Gedankenverloren strich er erneut über meine Flügel. Sie schimmerten wieder. Mit einem Lächeln verwandelte ich sie zurück in den mickrigen Flügelschein, der mich als Sklavin auszeichnete. „Deine Eigenen gefielen mir besser", sagte Saphrim wieder mit diesem unverschämten Grinsen. Auch er wirkte verlegen. Wie er sich jetzt durch die dunklen Haare fuhr. „Mir auch...", flüsterte ich.
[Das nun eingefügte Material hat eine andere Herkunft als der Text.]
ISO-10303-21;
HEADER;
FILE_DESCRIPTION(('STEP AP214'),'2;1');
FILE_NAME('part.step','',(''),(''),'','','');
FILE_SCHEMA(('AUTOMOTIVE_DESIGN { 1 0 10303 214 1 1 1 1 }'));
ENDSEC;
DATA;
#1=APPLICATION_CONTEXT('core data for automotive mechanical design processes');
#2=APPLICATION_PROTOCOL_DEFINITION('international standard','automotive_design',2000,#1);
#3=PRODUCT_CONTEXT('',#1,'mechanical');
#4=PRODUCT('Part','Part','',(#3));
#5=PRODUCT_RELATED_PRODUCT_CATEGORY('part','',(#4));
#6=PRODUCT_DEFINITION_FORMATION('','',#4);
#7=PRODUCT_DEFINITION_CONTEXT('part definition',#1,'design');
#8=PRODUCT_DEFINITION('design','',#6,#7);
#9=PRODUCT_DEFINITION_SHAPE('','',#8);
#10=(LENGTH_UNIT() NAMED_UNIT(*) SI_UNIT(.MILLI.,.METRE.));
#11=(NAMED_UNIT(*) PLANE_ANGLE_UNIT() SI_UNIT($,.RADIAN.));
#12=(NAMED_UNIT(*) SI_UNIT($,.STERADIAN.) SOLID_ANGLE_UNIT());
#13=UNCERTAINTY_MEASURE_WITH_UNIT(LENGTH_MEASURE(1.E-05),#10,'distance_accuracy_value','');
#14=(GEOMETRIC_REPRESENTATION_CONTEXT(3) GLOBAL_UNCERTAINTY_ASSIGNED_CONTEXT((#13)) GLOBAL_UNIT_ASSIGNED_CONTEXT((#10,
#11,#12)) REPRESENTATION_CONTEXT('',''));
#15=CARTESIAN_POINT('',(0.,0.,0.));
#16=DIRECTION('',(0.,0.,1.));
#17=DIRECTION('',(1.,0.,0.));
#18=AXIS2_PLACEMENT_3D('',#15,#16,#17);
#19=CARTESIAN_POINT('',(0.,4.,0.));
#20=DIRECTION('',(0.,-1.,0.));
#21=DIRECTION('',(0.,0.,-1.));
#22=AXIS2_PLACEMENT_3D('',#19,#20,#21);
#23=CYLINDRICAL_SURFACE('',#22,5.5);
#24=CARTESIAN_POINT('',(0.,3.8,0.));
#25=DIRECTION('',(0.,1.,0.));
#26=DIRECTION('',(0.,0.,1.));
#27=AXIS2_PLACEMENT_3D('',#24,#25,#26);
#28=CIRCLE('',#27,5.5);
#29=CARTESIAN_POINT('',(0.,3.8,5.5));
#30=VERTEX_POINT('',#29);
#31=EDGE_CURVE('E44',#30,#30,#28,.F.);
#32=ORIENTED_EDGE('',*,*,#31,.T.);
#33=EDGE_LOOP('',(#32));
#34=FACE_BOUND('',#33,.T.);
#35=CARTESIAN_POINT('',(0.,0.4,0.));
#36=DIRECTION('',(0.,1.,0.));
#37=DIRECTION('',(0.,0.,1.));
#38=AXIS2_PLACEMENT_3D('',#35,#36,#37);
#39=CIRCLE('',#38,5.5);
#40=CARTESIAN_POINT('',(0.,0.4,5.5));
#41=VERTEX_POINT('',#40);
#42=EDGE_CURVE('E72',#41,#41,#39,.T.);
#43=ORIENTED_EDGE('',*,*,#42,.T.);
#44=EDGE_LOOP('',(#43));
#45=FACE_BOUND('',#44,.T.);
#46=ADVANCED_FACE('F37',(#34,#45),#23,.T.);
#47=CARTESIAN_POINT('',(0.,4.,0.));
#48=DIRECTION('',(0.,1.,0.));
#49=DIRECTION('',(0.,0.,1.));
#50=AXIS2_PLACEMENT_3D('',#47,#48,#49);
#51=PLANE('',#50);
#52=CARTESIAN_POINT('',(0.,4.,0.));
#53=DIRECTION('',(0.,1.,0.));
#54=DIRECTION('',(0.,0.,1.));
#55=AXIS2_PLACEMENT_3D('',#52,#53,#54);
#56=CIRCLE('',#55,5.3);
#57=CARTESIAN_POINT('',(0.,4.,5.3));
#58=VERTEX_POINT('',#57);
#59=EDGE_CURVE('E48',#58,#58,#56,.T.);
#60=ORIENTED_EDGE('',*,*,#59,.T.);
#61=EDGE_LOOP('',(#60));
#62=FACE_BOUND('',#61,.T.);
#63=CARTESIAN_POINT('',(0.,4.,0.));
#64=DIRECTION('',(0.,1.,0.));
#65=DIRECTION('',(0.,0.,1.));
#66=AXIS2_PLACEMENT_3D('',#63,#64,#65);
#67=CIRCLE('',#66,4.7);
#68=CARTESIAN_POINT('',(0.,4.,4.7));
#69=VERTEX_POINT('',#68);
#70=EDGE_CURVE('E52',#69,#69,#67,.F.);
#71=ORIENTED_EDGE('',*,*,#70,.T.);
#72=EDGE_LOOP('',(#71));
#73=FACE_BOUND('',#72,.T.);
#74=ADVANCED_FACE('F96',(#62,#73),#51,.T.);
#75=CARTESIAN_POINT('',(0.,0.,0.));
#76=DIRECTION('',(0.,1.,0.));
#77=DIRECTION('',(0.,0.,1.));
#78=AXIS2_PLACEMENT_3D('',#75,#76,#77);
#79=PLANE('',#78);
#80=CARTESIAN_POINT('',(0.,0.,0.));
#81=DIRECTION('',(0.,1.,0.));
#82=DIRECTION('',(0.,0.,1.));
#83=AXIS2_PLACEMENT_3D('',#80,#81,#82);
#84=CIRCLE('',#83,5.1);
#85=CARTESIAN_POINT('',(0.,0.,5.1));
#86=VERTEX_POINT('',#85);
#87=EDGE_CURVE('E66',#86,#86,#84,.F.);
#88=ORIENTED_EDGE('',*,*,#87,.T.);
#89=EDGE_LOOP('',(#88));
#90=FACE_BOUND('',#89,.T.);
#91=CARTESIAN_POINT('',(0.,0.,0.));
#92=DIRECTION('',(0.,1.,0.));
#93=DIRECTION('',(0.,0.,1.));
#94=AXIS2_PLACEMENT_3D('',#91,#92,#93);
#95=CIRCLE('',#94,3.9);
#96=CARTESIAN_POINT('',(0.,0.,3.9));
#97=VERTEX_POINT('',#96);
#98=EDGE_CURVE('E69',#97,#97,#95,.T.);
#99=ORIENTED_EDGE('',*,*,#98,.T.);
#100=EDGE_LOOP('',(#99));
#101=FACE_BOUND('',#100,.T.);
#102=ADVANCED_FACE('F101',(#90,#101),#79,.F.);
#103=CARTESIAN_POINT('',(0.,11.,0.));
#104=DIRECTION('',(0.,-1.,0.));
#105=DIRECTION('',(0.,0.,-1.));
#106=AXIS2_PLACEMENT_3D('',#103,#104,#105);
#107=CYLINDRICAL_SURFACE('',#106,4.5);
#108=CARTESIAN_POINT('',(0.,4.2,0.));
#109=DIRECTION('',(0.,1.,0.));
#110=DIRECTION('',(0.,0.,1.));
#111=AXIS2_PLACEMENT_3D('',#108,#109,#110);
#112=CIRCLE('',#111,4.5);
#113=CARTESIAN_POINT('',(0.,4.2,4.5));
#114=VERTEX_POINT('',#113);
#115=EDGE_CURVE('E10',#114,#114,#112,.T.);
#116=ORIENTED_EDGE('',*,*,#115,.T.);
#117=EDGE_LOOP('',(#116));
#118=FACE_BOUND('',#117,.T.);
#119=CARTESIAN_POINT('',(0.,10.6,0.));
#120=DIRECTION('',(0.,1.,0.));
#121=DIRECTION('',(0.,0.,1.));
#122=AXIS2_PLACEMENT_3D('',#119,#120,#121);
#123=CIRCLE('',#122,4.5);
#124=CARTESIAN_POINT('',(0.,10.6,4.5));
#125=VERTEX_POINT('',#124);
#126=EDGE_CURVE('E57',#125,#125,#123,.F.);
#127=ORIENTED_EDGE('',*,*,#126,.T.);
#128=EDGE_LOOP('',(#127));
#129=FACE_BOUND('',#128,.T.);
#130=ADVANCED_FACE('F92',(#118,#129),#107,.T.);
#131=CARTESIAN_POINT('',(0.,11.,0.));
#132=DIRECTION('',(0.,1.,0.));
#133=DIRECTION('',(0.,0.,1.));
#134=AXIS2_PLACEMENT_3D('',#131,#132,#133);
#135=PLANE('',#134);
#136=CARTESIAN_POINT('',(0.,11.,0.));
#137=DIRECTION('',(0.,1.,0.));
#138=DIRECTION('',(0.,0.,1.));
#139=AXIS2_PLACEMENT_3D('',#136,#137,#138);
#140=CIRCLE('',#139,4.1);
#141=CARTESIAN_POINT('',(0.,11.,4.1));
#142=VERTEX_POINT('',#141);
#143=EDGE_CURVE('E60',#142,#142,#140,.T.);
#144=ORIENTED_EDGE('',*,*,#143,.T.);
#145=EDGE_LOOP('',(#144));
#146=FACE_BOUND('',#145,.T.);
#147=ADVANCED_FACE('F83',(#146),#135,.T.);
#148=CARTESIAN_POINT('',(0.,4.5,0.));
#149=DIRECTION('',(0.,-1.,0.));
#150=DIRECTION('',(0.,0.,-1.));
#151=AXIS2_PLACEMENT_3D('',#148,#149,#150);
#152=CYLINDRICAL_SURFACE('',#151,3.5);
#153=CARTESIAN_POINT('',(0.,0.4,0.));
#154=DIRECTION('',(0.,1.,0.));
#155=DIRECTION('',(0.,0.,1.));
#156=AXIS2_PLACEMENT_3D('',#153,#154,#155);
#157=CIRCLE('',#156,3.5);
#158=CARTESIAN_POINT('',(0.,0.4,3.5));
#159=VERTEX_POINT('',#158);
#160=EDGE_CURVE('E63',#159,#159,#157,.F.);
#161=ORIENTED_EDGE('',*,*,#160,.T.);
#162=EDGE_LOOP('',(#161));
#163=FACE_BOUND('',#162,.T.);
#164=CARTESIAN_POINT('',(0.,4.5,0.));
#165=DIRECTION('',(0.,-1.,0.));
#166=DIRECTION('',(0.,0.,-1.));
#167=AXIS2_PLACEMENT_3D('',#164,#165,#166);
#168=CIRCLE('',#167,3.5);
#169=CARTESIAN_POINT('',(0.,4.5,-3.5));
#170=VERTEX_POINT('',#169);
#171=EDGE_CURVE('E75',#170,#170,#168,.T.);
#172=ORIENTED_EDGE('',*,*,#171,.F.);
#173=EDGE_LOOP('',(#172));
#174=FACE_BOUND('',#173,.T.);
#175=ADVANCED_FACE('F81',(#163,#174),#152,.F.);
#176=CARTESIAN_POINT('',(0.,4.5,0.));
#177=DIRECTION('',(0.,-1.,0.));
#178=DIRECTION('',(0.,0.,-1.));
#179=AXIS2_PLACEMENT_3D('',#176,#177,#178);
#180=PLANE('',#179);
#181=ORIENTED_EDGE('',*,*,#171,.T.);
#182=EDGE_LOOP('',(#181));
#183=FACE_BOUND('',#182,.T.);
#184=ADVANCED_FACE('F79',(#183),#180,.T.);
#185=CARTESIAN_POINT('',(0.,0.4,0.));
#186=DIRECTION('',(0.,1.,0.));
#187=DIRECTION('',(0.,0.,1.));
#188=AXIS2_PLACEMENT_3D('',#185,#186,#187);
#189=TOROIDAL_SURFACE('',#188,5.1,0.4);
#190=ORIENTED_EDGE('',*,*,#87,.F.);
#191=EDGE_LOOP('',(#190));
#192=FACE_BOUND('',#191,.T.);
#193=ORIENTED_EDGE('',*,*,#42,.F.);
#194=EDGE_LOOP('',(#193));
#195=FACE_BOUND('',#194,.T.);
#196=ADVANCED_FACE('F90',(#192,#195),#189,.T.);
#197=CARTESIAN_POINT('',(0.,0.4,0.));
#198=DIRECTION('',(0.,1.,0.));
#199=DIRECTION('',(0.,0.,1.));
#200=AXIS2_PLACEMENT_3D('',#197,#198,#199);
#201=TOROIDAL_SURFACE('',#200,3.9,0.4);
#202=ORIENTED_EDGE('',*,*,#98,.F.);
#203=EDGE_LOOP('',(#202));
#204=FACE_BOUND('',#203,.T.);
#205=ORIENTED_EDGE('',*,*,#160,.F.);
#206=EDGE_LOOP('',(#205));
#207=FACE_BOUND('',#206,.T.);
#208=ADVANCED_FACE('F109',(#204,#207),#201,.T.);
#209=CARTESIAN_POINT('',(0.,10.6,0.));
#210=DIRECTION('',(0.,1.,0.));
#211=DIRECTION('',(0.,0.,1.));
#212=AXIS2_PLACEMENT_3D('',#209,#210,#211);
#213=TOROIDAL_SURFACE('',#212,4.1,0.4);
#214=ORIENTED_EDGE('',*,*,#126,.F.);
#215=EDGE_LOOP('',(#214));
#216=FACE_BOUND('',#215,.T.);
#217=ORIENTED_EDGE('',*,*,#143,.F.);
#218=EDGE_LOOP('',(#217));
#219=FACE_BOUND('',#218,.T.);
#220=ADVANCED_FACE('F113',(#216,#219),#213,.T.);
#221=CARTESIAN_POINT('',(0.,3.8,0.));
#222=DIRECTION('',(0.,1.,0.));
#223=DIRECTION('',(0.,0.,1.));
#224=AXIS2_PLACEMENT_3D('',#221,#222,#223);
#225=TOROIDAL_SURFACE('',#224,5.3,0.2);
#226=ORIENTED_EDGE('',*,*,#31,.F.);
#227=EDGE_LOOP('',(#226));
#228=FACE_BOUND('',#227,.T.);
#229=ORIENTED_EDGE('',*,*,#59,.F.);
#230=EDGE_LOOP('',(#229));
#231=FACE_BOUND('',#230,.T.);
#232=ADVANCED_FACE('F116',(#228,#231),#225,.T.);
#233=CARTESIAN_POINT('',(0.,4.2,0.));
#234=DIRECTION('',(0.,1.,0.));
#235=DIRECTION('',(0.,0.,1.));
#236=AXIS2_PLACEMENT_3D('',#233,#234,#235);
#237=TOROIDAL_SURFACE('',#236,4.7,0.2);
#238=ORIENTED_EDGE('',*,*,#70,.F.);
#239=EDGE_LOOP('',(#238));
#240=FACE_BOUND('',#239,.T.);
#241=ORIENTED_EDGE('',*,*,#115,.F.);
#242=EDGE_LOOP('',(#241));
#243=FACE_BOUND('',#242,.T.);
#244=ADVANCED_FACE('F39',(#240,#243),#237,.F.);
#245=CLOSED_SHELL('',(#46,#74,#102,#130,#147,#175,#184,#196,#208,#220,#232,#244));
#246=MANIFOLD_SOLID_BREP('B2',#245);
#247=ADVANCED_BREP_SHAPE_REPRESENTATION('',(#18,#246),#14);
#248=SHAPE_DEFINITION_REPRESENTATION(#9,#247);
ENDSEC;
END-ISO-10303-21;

Er räusperte sich. „Teleportation?", fragte er dann schnell. Ich nickte und sammelte meine Kräfte. Dann wünschte ich mir, bei Simba zu sein. Als ich meine Augen öffnete, stand ich neben ihm im Flur des großen Schlosses. „Du sollst nicht zaubern!", schimpfte er. Und führte mich durch das Labyrinth und schließlich zu ihm nach Hause. Er hatte seine Rolle als großer Bruder inzwischen mächtig perfektioniert. Würde ich ihm das mit Saphrim oder gar das mit Lorosha erzählen, er würde mir verbieten jemals wieder dieses Schloss zu betreten. Er hatte mir außerdem angeboten, für immer bei ihm zu leben. In dem spitzen, kalten Sklavenstein. Nicht, dass ich eitel und verwöhnt wäre und dort nicht leben wollte, weil es zu klein, dreckig oder leblos war. Ich konnte nicht. Ich wollte nicht für immer ein Besitz von Titania sein, nur weil mich die Tatsache, jemanden umzubringen, nicht begeisterte. Dennoch verstand er es, eben ganz der große Bruder.